Another possibility pointed out by Sarada is to replace the conjunction by just comparison.
Instead of
equal = equal && (s1.charAt(i) == s2.charAt(i));
have
equal = (s1.charAt(i) == s2.charAt(i));
because the return statement above ensures that the boolean variable is always true just before the character comparison. We have two reasonable different programs.

Saurya's program:
public static boolean itercheck(String s1, String s2) {
boolean equal = true;
for (int i=0; i < s1.length(); i++){
   equal = equal && (s1.charAt(i) == s2.charAt(i));
}
   return equal;
}

Sarada's program:
public static boolean itercheck(String s1, String s2) {
boolean equal = true;
for (int i=0; i < s1.length(); i++){
if(!equal) return false;
   equal = (s1.charAt(i) == s2.charAt(i));
}
   return equal;
}

The student's program combines two reasonable ideas to produce a buggy program.

My guess is his thinking was close to Sarada's program and probably forgot to include the if statement but went ahead with testing and felt good about many tests passing and submitted the faulty code.

Saturday, April 12, 2014

Coffeescript oneliner for square root calculation

To calculate square root of a number.

coffee> srr = (x,est) -> if Math.abs(est*est - x) < 0.0005 then est else srr x, (est + x/est)*0.5

[Function]

coffee> srr 2,1

1.4142156862745097

Easy translation from English to code.

If the square of a given estimate is within the tolerance of 0.0005 from the number, then the given estimate is the result, otherwise the result is the one given by the function with a new estimate which is the average of the given estimate and the quotient of the number divided by the given estimate.

Fairly declarative reading.

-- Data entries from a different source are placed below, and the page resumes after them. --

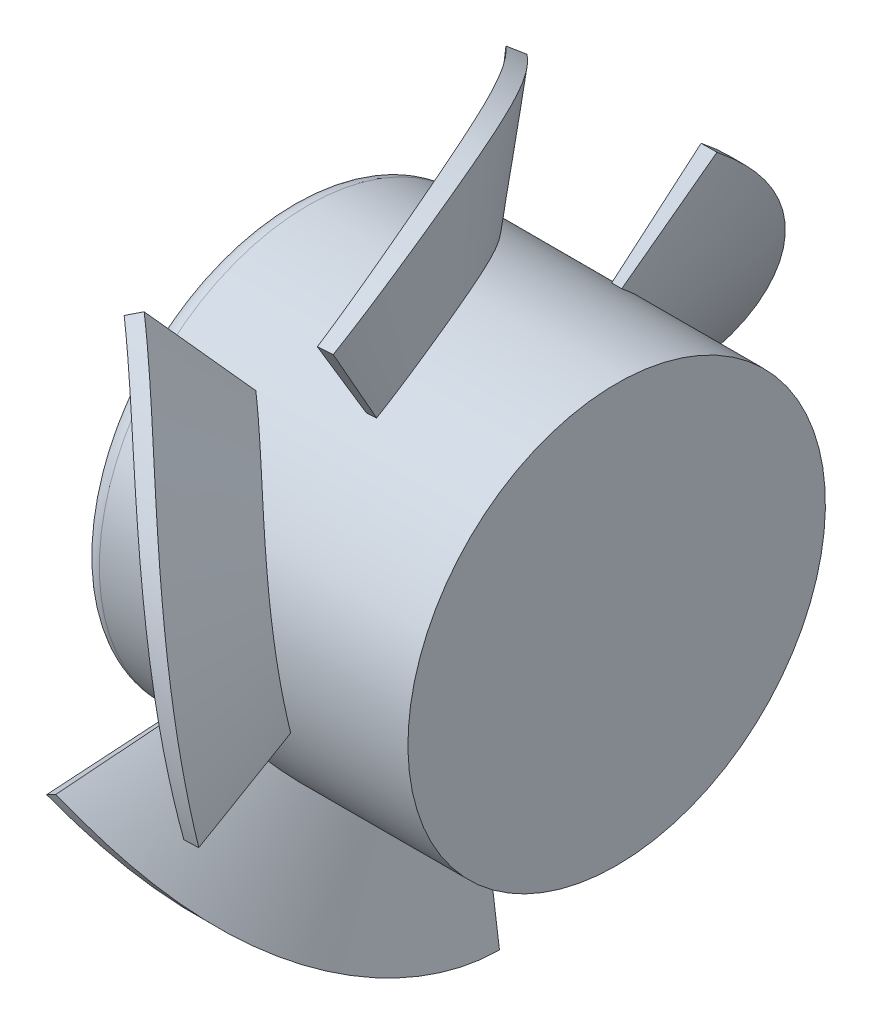
SolidWorks part; units mm, degrees
material "PW100:Mi:0:30:C1:0:1:2:Re:16:"
ref_plane "Front" through (0, 0, 0) normal (0, 0, 1) x (1, 0, 0)
ref_plane "Top" through (0, 0, 0) normal (0, 1, 0) x (1, 0, 0)
ref_plane "Right" through (0, 0, 0) normal (1, 0, 0) x (0, 0, -1)
sketch "Support-Front" plane through (0, 0, 0) normal (0, 0, 1) x (1, 0, 0)
  line L0 (-20, 0) -> (-2, 0) construction
  line L1 (-20, -11.5) -> (-20, 11.5)
  line L2 (-20, 11.5) -> (-2, 11.5)
  line L3 (-20, -11.5) -> (-2, -11.5)
  line L4 (-2, 11.5) -> (-2, -11.5)
  line L5 (-11, 11.5) -> (-11, -11.5) construction
  line L6 (-2, 11.5) -> (0, 11.5) construction
  line L7 (-2, -11.5) -> (0, -11.5) construction
  line L8 (0, 11.5) -> (0, -11.5) construction
  line L11 (-11, 11.5) -> (-11, 18) construction
  line L12 (-11, -11.5) -> (-11, -18) construction
  point P12 (0, 0)
  point P14 (-11, 0)
  dimension "Width" = 20
  dimension "Diam-Body" = 23
  dimension "Diam-Fan" = 36
  dimension "Dist-Fan" = 2
sketch "Support-Right" plane through (0, 0, 0) normal (1, 0, 0) x (0, 0, -1)
  circle A0 centre (0, 0) radius 18
sketch "Support-Fan-Blade-Top" plane through (0, 0, 0) normal (0, 1, 0) x (-1, 0, 0)
  line L0 (11, 0) -> (8.0107, 11.9893) construction
  line L1 (17.9096, -10.2438) -> (8.0107, 11.9893) construction
  line L2 (12.9601, 0.8727) -> (11, 0) construction
  line L4 (20, 0) -> (8.0107, 11.9893) construction
  line L5 (20, 0) -> (2, 0) construction
  line L6 (7.0132, 11.9195) -> (8.0107, 11.9893)
  line L7 (17.1902, -10.9385) -> (17.9096, -10.2438)
  arc A0 (8.0107, 11.9893) -> (17.9096, -10.2438) centre (43.5026, 14.4711) ccw
  arc A1 (7.0132, 11.9195) -> (17.1902, -10.9385) centre (43.5026, 14.4711) ccw
  dimension "Angle-Fan-Blade" = 66
  dimension "D1" = 10
  dimension "D3" = 45
  dimension "D2" = 1
ref_plane "Plane-Angle-Fan-Blade" through (-9.1802, 0, 4.0873) normal (-0.9135, 0, 0.4067) x (0.4067, 0, 0.9135)
ref_plane "Plane-Top-Fan-Blade" through (0, 18, 0) normal (0, 1, 0) x (-1, 0, 0)
sketch "Sketch-Blade-Bottom" plane through (0, 0, 0) normal (0, 1, 0) x (1, 0, 0)
  point P0 (-11, 0)
sketch "Sketch-Blade-Top" plane through (0, 18, 0) normal (0, 1, 0) x (-1, 0, 0)
  line L2 (8.0107, 11.9893) -> (7.0132, 11.9195)
  line L3 (17.1902, -10.9385) -> (17.9096, -10.2438)
  line L4 (8.0107, 11.9893) -> (7.0132, 11.9195)
  line L5 (17.1902, -10.9385) -> (17.9096, -10.2438)
  arc A3 (7.0132, 11.9195) -> (17.1902, -10.9385) centre (43.5026, 14.4711) ccw
  arc A4 (8.0107, 11.9893) -> (17.9096, -10.2438) centre (43.5026, 14.4711) ccw
  arc A5 (7.0132, 11.9195) -> (17.1902, -10.9385) centre (43.5026, 14.4711) ccw
  arc A6 (8.0107, 11.9893) -> (17.9096, -10.2438) centre (43.5026, 14.4711) ccw
  dimension "D1" = 0
sketch "Sketch5" plane through (0, 0, 0) normal (0, 0, 1) x (1, 0, 0)
  line L0 (-2, 11.5) -> (-2, -11.5) construction
  line L1 (-20, -11.5) -> (-20, 11.5) construction
  line L4 (-2, 11.5) -> (-2, 0)
  line L5 (-20, 0) -> (-20, 11.5)
  line L6 (-20, 0) -> (-2, 0)
  line L7 (-20, 11.5) -> (-2, 11.5) construction
  line L8 (-20, 0) -> (-2, 0) construction
  line L9 (-20, 0) -> (-2, 0) construction
  line L10 (-20, 11.5) -> (-2, 11.5)
revolve "Body" add sketch "Sketch5" angle 360 about L9
loft "Loft-Fan-Blade" add profiles "Sketch-Blade-Top", "Sketch-Blade-Bottom"
pattern_circular "CirPattern1" count 5 over 360 about axis through (-20, 0, 0) along (1, 0, 0) of "Loft-Fan-Blade"
sketch "Sketch-Cut-Blade" plane through (0, 0, 0) normal (1, 0, 0) x (0, 0, -1)
  circle A0 centre (0, 0) radius 18 construction
  circle A1 centre (0, 0) radius 18
extrude "Cut-Fan-Blade" cut sketch "Sketch-Cut-Blade" against normal through all flip side to cut
fillet "Cosmetic-Fillet" radius 1 1 edges at (-20, -11.5, 0)
equation "\"Angle-Blade@Plane-Angle-Fan-Blade\" = \"Angle-Fan-Blade@Support-Fan-Blade-Top\""
equation "\"Rad@Cosmetic-Fillet\" = \"Dist-Fan@Support-Front\" / 2"

If we do minimum necessary operational reasoning we can have an iterative formulation instead of the above recursive formulation.

If the square of a given estimate is within the tolerance of 0.0005 from the number, then the given estimate is the result, otherwise update the estimate by a new estimate which is the average of the given estimate and the quotient of the number divided by the given estimate and repeat the process until the tolerance is achieved.

Or equivalently, we can say while tolerance is not achieved, update the estimate.

Code in sri.coffee file indented as required by coffeescript

sri = (x,est) -> while Math.abs(est*est - x) > 0.0005

est = (est + x/est)*0.5

console.log(sri 2,1)

Let us execute this.

$ coffee sri.coffee

[ 1.5, 1.4166666666666665, 1.4142156862745097 ]

It is the peculiarity of while loop of coffeescript the result returned is an array of all estimates.